I went to Zuccotti Park today because I'm not nearly well versed enough in the financial markets to make the change I want to see happen. I barely know enough to describe and explain the problem. I was hoping I'd find someone there who understood better than me, who I could talk to and bounce ideas off of for coming up with a way to bring that 99% number down and that 1% number up, but there was no one. Even the former commodities trader I met said, "I just played the game. I'm not qualified to referee."

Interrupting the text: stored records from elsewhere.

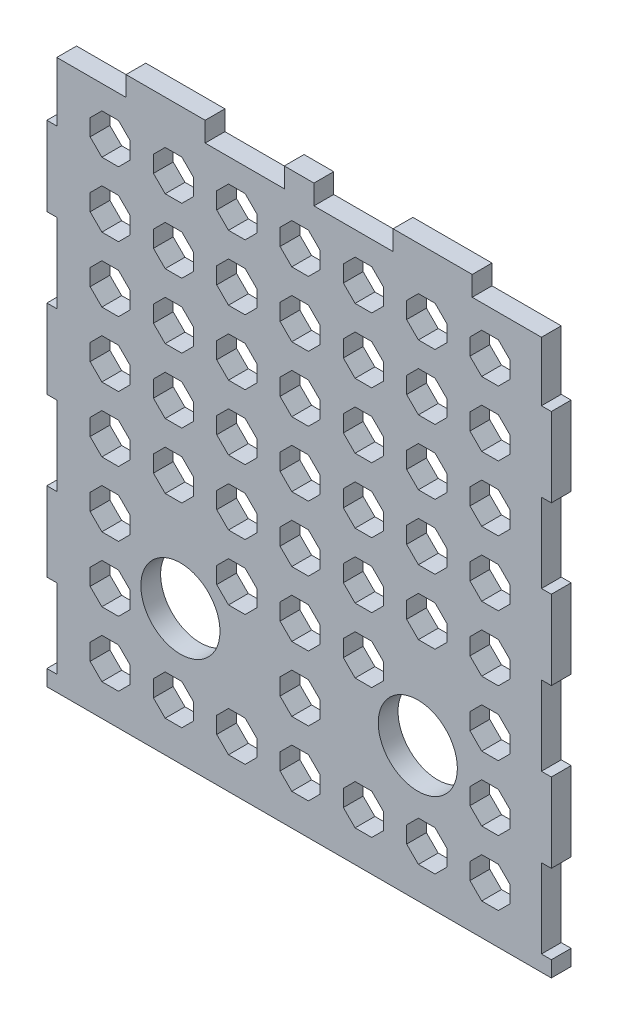
from build123d import *

# Parameters (mm, degrees)
SKETCH1_W               = 80.9625
SKETCH1_H               = 91.44
BOSS_EXTRUDE1_DEPTH     = 3.175
SKETCH2_W               = 1.5875
SKETCH2_H               = 12.7
CUT_EXTRUDE1_DEPTH      = 123.173158391
LPATTERN1_COUNT         = 5
LPATTERN1_PITCH         = 25.4
SKETCH5_W               = 12.7
SKETCH5_H               = 3.175
CUT_EXTRUDE2_DEPTH      = 123.173158391
LPATTERN2_COUNT         = 2
LPATTERN2_PITCH         = 25.4
HOLE1_D                 = 12.7
HOLE1_DEPTH             = 93.98
MIRROR1_COPY_1_SKETCH_W = 1.5875
MIRROR1_COPY_1_SKETCH_H = 12.7
MIRROR1_COPY_1_DEPTH    = 123.173158391
MIRROR1_COPY_2_SKETCH_W = 1.5875
MIRROR1_COPY_2_SKETCH_H = 12.7
MIRROR1_COPY_2_DEPTH    = 123.173158391
MIRROR1_COPY_3_SKETCH_W = 1.5875
MIRROR1_COPY_3_SKETCH_H = 12.7
MIRROR1_COPY_3_DEPTH    = 123.173158391
MIRROR1_COPY_4_SKETCH_W = 1.5875
MIRROR1_COPY_4_SKETCH_H = 12.7
MIRROR1_COPY_4_DEPTH    = 123.173158391
MIRROR1_COPY_5_SKETCH_W = 12.7
MIRROR1_COPY_5_SKETCH_H = 3.175
MIRROR1_COPY_5_DEPTH    = 123.173158391
CUT_EXTRUDE3_DEPTH      = 123.173158391
LPATTERN6_COUNT         = 7
LPATTERN6_PITCH         = 10.16
LPATTERN6_COUNT_DIR2    = 8
LPATTERN6_PITCH_DIR2    = 10.414


with BuildPart() as part:
    # Sketch1 → Boss-Extrude1 (new body)
    with BuildSketch(Plane.XY):
        with Locations((40.48125, -45.72)):
            Rectangle(SKETCH1_W, SKETCH1_H)
    extrude(amount=BOSS_EXTRUDE1_DEPTH)

    # Sketch2 → Cut-Extrude1 (cut, through all)
    with BuildSketch(Plane.XY.offset(3.175)):
        with Locations((0.79375, -6.35)):
            Rectangle(SKETCH2_W, SKETCH2_H)
    cut_extrude1 = extrude(amount=-CUT_EXTRUDE1_DEPTH, mode=Mode.SUBTRACT)

    # LPattern1: Cut-Extrude1 ×5
    with Locations(*[(0, -i * LPATTERN1_PITCH, 0) for i in range(1, LPATTERN1_COUNT)]):
        add(cut_extrude1, mode=Mode.SUBTRACT)

    # Sketch5 → Cut-Extrude2 (cut, through all)
    with BuildSketch(Plane.XY.offset(3.175)):
        with Locations((6.35, -1.5875)):
            Rectangle(SKETCH5_W, SKETCH5_H)
    cut_extrude2 = extrude(amount=-CUT_EXTRUDE2_DEPTH, mode=Mode.SUBTRACT)

    # LPattern2: Cut-Extrude2 ×2
    with Locations(*[(i * LPATTERN2_PITCH, 0, 0) for i in range(1, LPATTERN2_COUNT)]):
        add(cut_extrude2, mode=Mode.SUBTRACT)

    # Hole1
    with Locations(Plane.XY.offset(3.175)):
        with Locations((21.43125, -69.85)):
            hole1 = Hole(HOLE1_D / 2, depth=HOLE1_DEPTH)

    # Mirror1: Cut-Extrude1, Cut-Extrude2, Hole1 across plane
    add(cut_extrude1.mirror(Plane(origin=(40.48125, 0, 0), x_dir=(0, 0, 1), z_dir=(1, 0, 0))), mode=Mode.SUBTRACT)
    add(cut_extrude2.mirror(Plane(origin=(40.48125, 0, 0), x_dir=(0, 0, 1), z_dir=(1, 0, 0))), mode=Mode.SUBTRACT)
    add(hole1.mirror(Plane(origin=(40.48125, 0, 0), x_dir=(0, 0, 1), z_dir=(1, 0, 0))), mode=Mode.SUBTRACT)

    # Mirror1 copy 1 sketch → Mirror1 copy 1 (cut, through all)
    with BuildSketch(Plane(origin=(80.9625, -25.4, 3.175), x_dir=(-1, 0, 0), z_dir=(0, 0, 1))):
        with Locations((0.79375, 6.35)):
            Rectangle(MIRROR1_COPY_1_SKETCH_W, MIRROR1_COPY_1_SKETCH_H)
    extrude(amount=-MIRROR1_COPY_1_DEPTH, mode=Mode.SUBTRACT)

    # Mirror1 copy 2 sketch → Mirror1 copy 2 (cut, through all)
    with BuildSketch(Plane(origin=(80.9625, -50.8, 3.175), x_dir=(-1, 0, 0), z_dir=(0, 0, 1))):
        with Locations((0.79375, 6.35)):
            Rectangle(MIRROR1_COPY_2_SKETCH_W, MIRROR1_COPY_2_SKETCH_H)
    extrude(amount=-MIRROR1_COPY_2_DEPTH, mode=Mode.SUBTRACT)

    # Mirror1 copy 3 sketch → Mirror1 copy 3 (cut, through all)
    with BuildSketch(Plane(origin=(80.9625, -76.2, 3.175), x_dir=(-1, 0, 0), z_dir=(0, 0, 1))):
        with Locations((0.79375, 6.35)):
            Rectangle(MIRROR1_COPY_3_SKETCH_W, MIRROR1_COPY_3_SKETCH_H)
    extrude(amount=-MIRROR1_COPY_3_DEPTH, mode=Mode.SUBTRACT)

    # Mirror1 copy 4 sketch → Mirror1 copy 4 (cut, through all)
    with BuildSketch(Plane(origin=(80.9625, -101.6, 3.175), x_dir=(-1, 0, 0), z_dir=(0, 0, 1))):
        with Locations((0.79375, 6.35)):
            Rectangle(MIRROR1_COPY_4_SKETCH_W, MIRROR1_COPY_4_SKETCH_H)
    extrude(amount=-MIRROR1_COPY_4_DEPTH, mode=Mode.SUBTRACT)

    # Mirror1 copy 5 sketch → Mirror1 copy 5 (cut, through all)
    with BuildSketch(Plane(origin=(55.5625, 0, 3.175), x_dir=(-1, 0, 0), z_dir=(0, 0, 1))):
        with Locations((6.35, 1.5875)):
            Rectangle(MIRROR1_COPY_5_SKETCH_W, MIRROR1_COPY_5_SKETCH_H)
    extrude(amount=-MIRROR1_COPY_5_DEPTH, mode=Mode.SUBTRACT)

    # Sketch10 → Cut-Extrude3 (cut, through all)
    with BuildSketch(Plane.XY.offset(3.175)):
        Polygon((13.379353785, -8.870853785), (11.4935, -6.985), (8.8265, -6.985), (6.940646215, -8.870853785), (6.940646215, -11.537853785), (8.8265, -13.423707571), (11.4935, -13.423707571), (13.379353785, -11.537853785), align=None)
    cut_extrude3 = extrude(amount=-CUT_EXTRUDE3_DEPTH, mode=Mode.SUBTRACT)

    # LPattern6: Cut-Extrude3 7 × 8, 6 skipped
    with Locations(*[(i * LPATTERN6_PITCH, -j * LPATTERN6_PITCH_DIR2, 0) for i in range(LPATTERN6_COUNT) for j in range(LPATTERN6_COUNT_DIR2) if (i, j) not in ((0, 0), (1, 5), (1, 6), (2, 6), (4, 6), (5, 5), (5, 6))]):
        add(cut_extrude3, mode=Mode.SUBTRACT)


solid = part.part
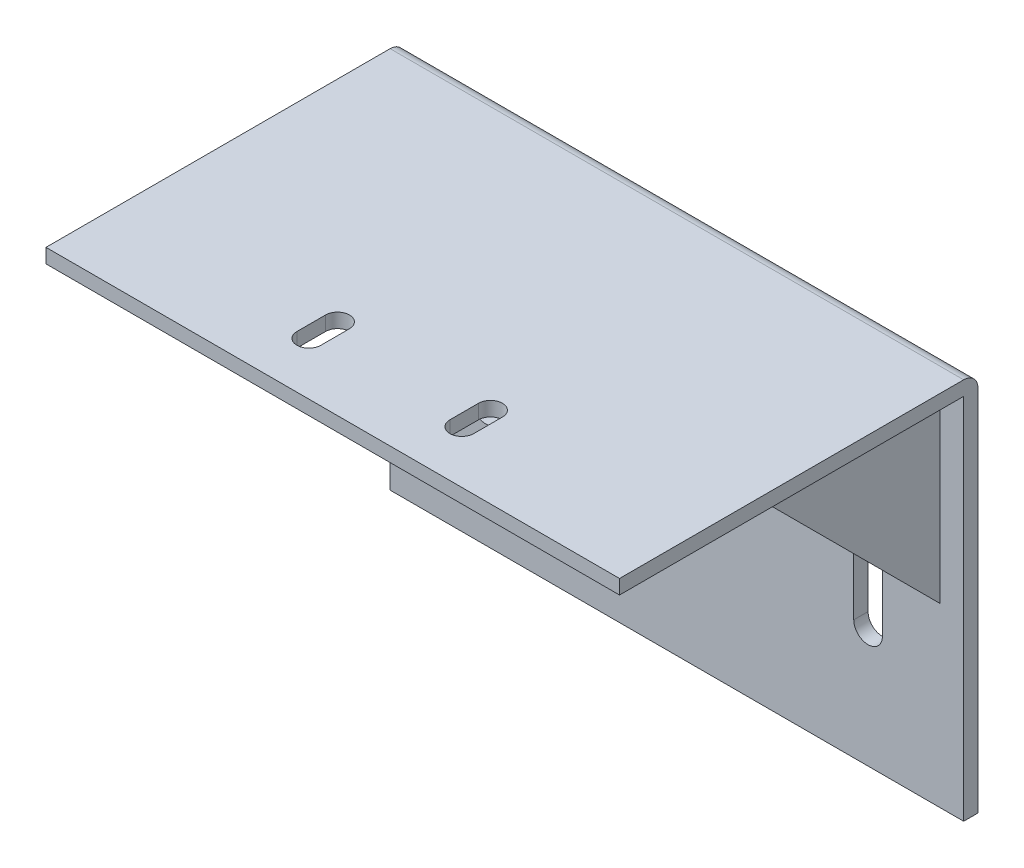
from build123d import *

# Parameters (mm, degrees)
ESQUISSE1_W             = 120
ESQUISSE1_H             = 80
BASE_EXTRUSION_DEPTH    = 3
ESQUISSE2_W             = 120
ESQUISSE2_H             = 3
BOSS_EXTRU_1_DEPTH      = 72
ENL_V_MAT_EXTRU_1_DEPTH = 3
ESQUISSE6_W             = 3
ESQUISSE6_H             = 40
BOSS_EXTRU_2_DEPTH      = 40
ENL_V_MAT_EXTRU_3_DEPTH = 3
ENL_V_MAT_EXTRU_5_DEPTH = 159.902485821
CONG_1_R                = 3


with BuildPart() as part:
    # Esquisse1 → Base-Extrusion (new body)
    with BuildSketch(Plane.XY):
        with Locations((60, 40)):
            Rectangle(ESQUISSE1_W, ESQUISSE1_H)
    extrude(amount=BASE_EXTRUSION_DEPTH)

    # Esquisse2 → Boss.-Extru.1 (add)
    with BuildSketch(Plane.XY.offset(3)):
        with Locations((60, 78.5)):
            Rectangle(ESQUISSE2_W, ESQUISSE2_H)
    extrude(amount=BOSS_EXTRU_1_DEPTH)

    # Esquisse5 → Enlèv. mat.-Extru.1 (cut)
    with BuildSketch(Plane.XY.offset(3)):
        with BuildLine():
            Line((17, 55), (17, 25))
            ThreePointArc((17, 25), (20, 22), (23, 25))
            Line((23, 25), (23, 55))
            ThreePointArc((23, 55), (20, 58), (17, 55))
        make_face()
        with BuildLine():
            Line((97, 55), (97, 25))
            ThreePointArc((97, 25), (100, 22), (103, 25))
            Line((103, 25), (103, 55))
            ThreePointArc((103, 55), (100, 58), (97, 55))
        make_face()
    extrude(amount=-ENL_V_MAT_EXTRU_1_DEPTH, mode=Mode.SUBTRACT)

    # Esquisse6 → Boss.-Extru.2 (add)
    with BuildSketch(Plane.XY.offset(3)):
        with Locations((6.5, 57)):
            Rectangle(ESQUISSE6_W, ESQUISSE6_H)
        with Locations((113.5, 57)):
            Rectangle(ESQUISSE6_W, ESQUISSE6_H)
    extrude(amount=BOSS_EXTRU_2_DEPTH)

    # Esquisse8 → Enlèv. mat.-Extru.3 (cut)
    with BuildSketch(Plane.XZ.offset(-77)):
        with BuildLine():
            Line((41.5, 64), (41.5, 58))
            ThreePointArc((41.5, 58), (44, 55.5), (46.5, 58))
            Line((46.5, 58), (46.5, 64))
            ThreePointArc((46.5, 64), (44, 66.5), (41.5, 64))
        make_face()
        with BuildLine():
            Line((73.5, 64), (73.5, 58))
            ThreePointArc((73.5, 58), (76, 55.5), (78.5, 58))
            Line((78.5, 58), (78.5, 64))
            ThreePointArc((78.5, 64), (76, 66.5), (73.5, 64))
        make_face()
    extrude(amount=-ENL_V_MAT_EXTRU_3_DEPTH, mode=Mode.SUBTRACT)

    # Esquisse10 → Enlèv. mat.-Extru.5 (cut, through all)
    with BuildSketch(Plane.ZY.offset(-5)):
        Polygon((3, 37), (43, 77), (43, 37), align=None)
    extrude(amount=-ENL_V_MAT_EXTRU_5_DEPTH, mode=Mode.SUBTRACT)

    # Congé1
    cong_1_edges = [part.edges().sort_by_distance(p)[0] for p in [
        (60, 80, 0),
    ]]
    fillet(cong_1_edges, radius=CONG_1_R)


solid = part.part
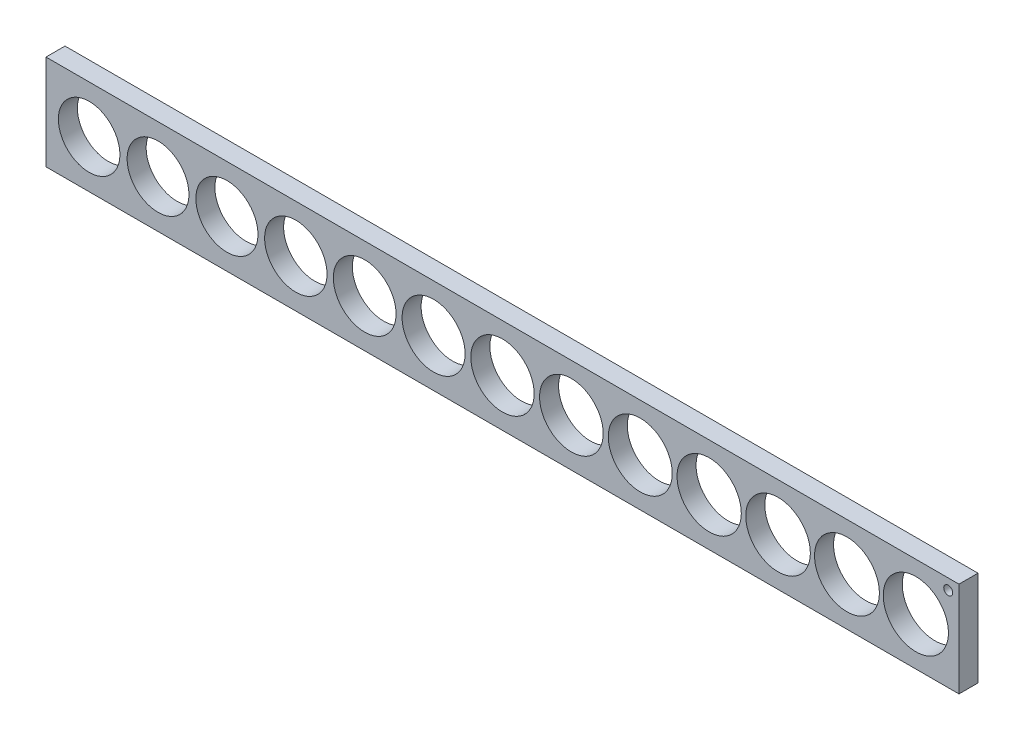
from build123d import *

# Parameters (mm, degrees)
SKETCH1_W           = 304.8
SKETCH1_H           = 31.75
SKETCH1_R           = 10.575
SKETCH1_R_2         = 10.6258
SKETCH1_R_3         = 10.6766
SKETCH1_R_4         = 10.7274
SKETCH1_R_5         = 10.7782
SKETCH1_R_6         = 10.829
SKETCH1_R_7         = 10.8798
SKETCH1_R_8         = 10.2702
SKETCH1_R_9         = 10.321
SKETCH1_R_10        = 10.3718
SKETCH1_R_11        = 10.4226
SKETCH1_R_12        = 10.4734
SKETCH1_R_13        = 10.5242
SKETCH1_R_14        = 1.5
BOSS_EXTRUDE1_DEPTH = 6.35


with BuildPart() as part:
    # Sketch1 → Boss-Extrude1 (new body)
    with BuildSketch(Plane.XY):
        Rectangle(SKETCH1_W, SKETCH1_H)
        Circle(SKETCH1_R, mode=Mode.SUBTRACT)
        with Locations((23, 0)):
            Circle(SKETCH1_R_2, mode=Mode.SUBTRACT)
        with Locations((46, 0)):
            Circle(SKETCH1_R_3, mode=Mode.SUBTRACT)
        with Locations((69, 0)):
            Circle(SKETCH1_R_4, mode=Mode.SUBTRACT)
        with Locations((92, 0)):
            Circle(SKETCH1_R_5, mode=Mode.SUBTRACT)
        with Locations((115, 0)):
            Circle(SKETCH1_R_6, mode=Mode.SUBTRACT)
        with Locations((138, 0)):
            Circle(SKETCH1_R_7, mode=Mode.SUBTRACT)
        with Locations(Location((-138, 0, 0), (0, 0, 180))):
            Circle(SKETCH1_R_8, mode=Mode.SUBTRACT)
        with Locations(Location((-115, 0, 0), (0, 0, 180))):
            Circle(SKETCH1_R_9, mode=Mode.SUBTRACT)
        with Locations(Location((-92, 0, 0), (0, 0, 180))):
            Circle(SKETCH1_R_10, mode=Mode.SUBTRACT)
        with Locations(Location((-69, 0, 0), (0, 0, 180))):
            Circle(SKETCH1_R_11, mode=Mode.SUBTRACT)
        with Locations(Location((-46, 0, 0), (0, 0, 180))):
            Circle(SKETCH1_R_12, mode=Mode.SUBTRACT)
        with Locations(Location((-23, 0, 0), (0, 0, 180))):
            Circle(SKETCH1_R_13, mode=Mode.SUBTRACT)
        with Locations((148.807897552, 12.282897552)):
            Circle(SKETCH1_R_14, mode=Mode.SUBTRACT)
    extrude(amount=BOSS_EXTRUDE1_DEPTH)


solid = part.part
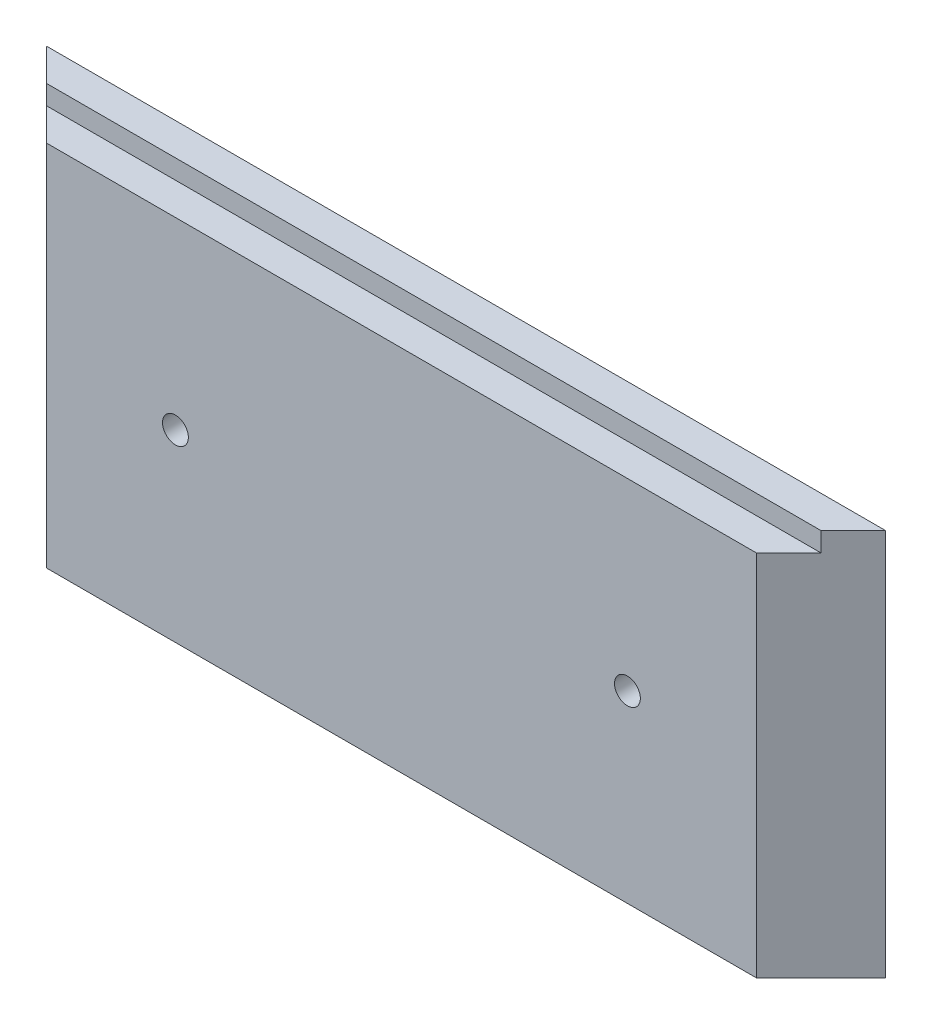
from build123d import *

# Parameters (mm, degrees)
BOSS_EXTRUDE1_DEPTH     = 60
CUT_EXTRUDE1_DEPTH      = 144.527000944
CUT_EXTRUDE1_DEPTH_BACK = 3
SKETCH3_R               = 2
CUT_EXTRUDE2_DEPTH      = 4


with BuildPart() as part:
    # Sketch1 → Boss-Extrude1 (new body)
    with BuildSketch(Plane(origin=(0, 0, 0), x_dir=(1, 0, 0), z_dir=(0, 1, 0))):
        Polygon((130, 10), (0, 10), (10, 0), (120, 0), align=None)
    extrude(amount=BOSS_EXTRUDE1_DEPTH)

    # Sketch2 → Cut-Extrude1 (cut, two sides: drawn at the far end of the back side and taken through both)
    with BuildSketch(Plane(origin=(0, 60, 0), x_dir=(1, 0, 0), z_dir=(0, 1, 0)).offset(-CUT_EXTRUDE1_DEPTH_BACK)):
        Polygon((125, 5), (5, 5), (10, 0), (120, 0), align=None)
    extrude(amount=CUT_EXTRUDE1_DEPTH + CUT_EXTRUDE1_DEPTH_BACK, mode=Mode.SUBTRACT)

    # Sketch3 → Cut-Extrude2 (cut)
    with BuildSketch(Plane.XY):
        with Locations((30, 28.5)):
            Circle(SKETCH3_R)
        with Locations((100, 28.5)):
            Circle(SKETCH3_R)
    extrude(amount=-CUT_EXTRUDE2_DEPTH, mode=Mode.SUBTRACT)


solid = part.part

It frustrates me that Zuccotti Park sits mere blocks away from where some of the greatest macroeconomists in the world work--people intimately familiar with every ebb and heartbeat of the market, experts at navigating the subtle connections between every lost job, every misjudged diplomatic cue, every trader panic, every traded good in relation to every other traded good. Is there not one of them who will come down during a smoke break and say, "Okay, folks, this is what needs to happen if you want there to be jobs for you again..."?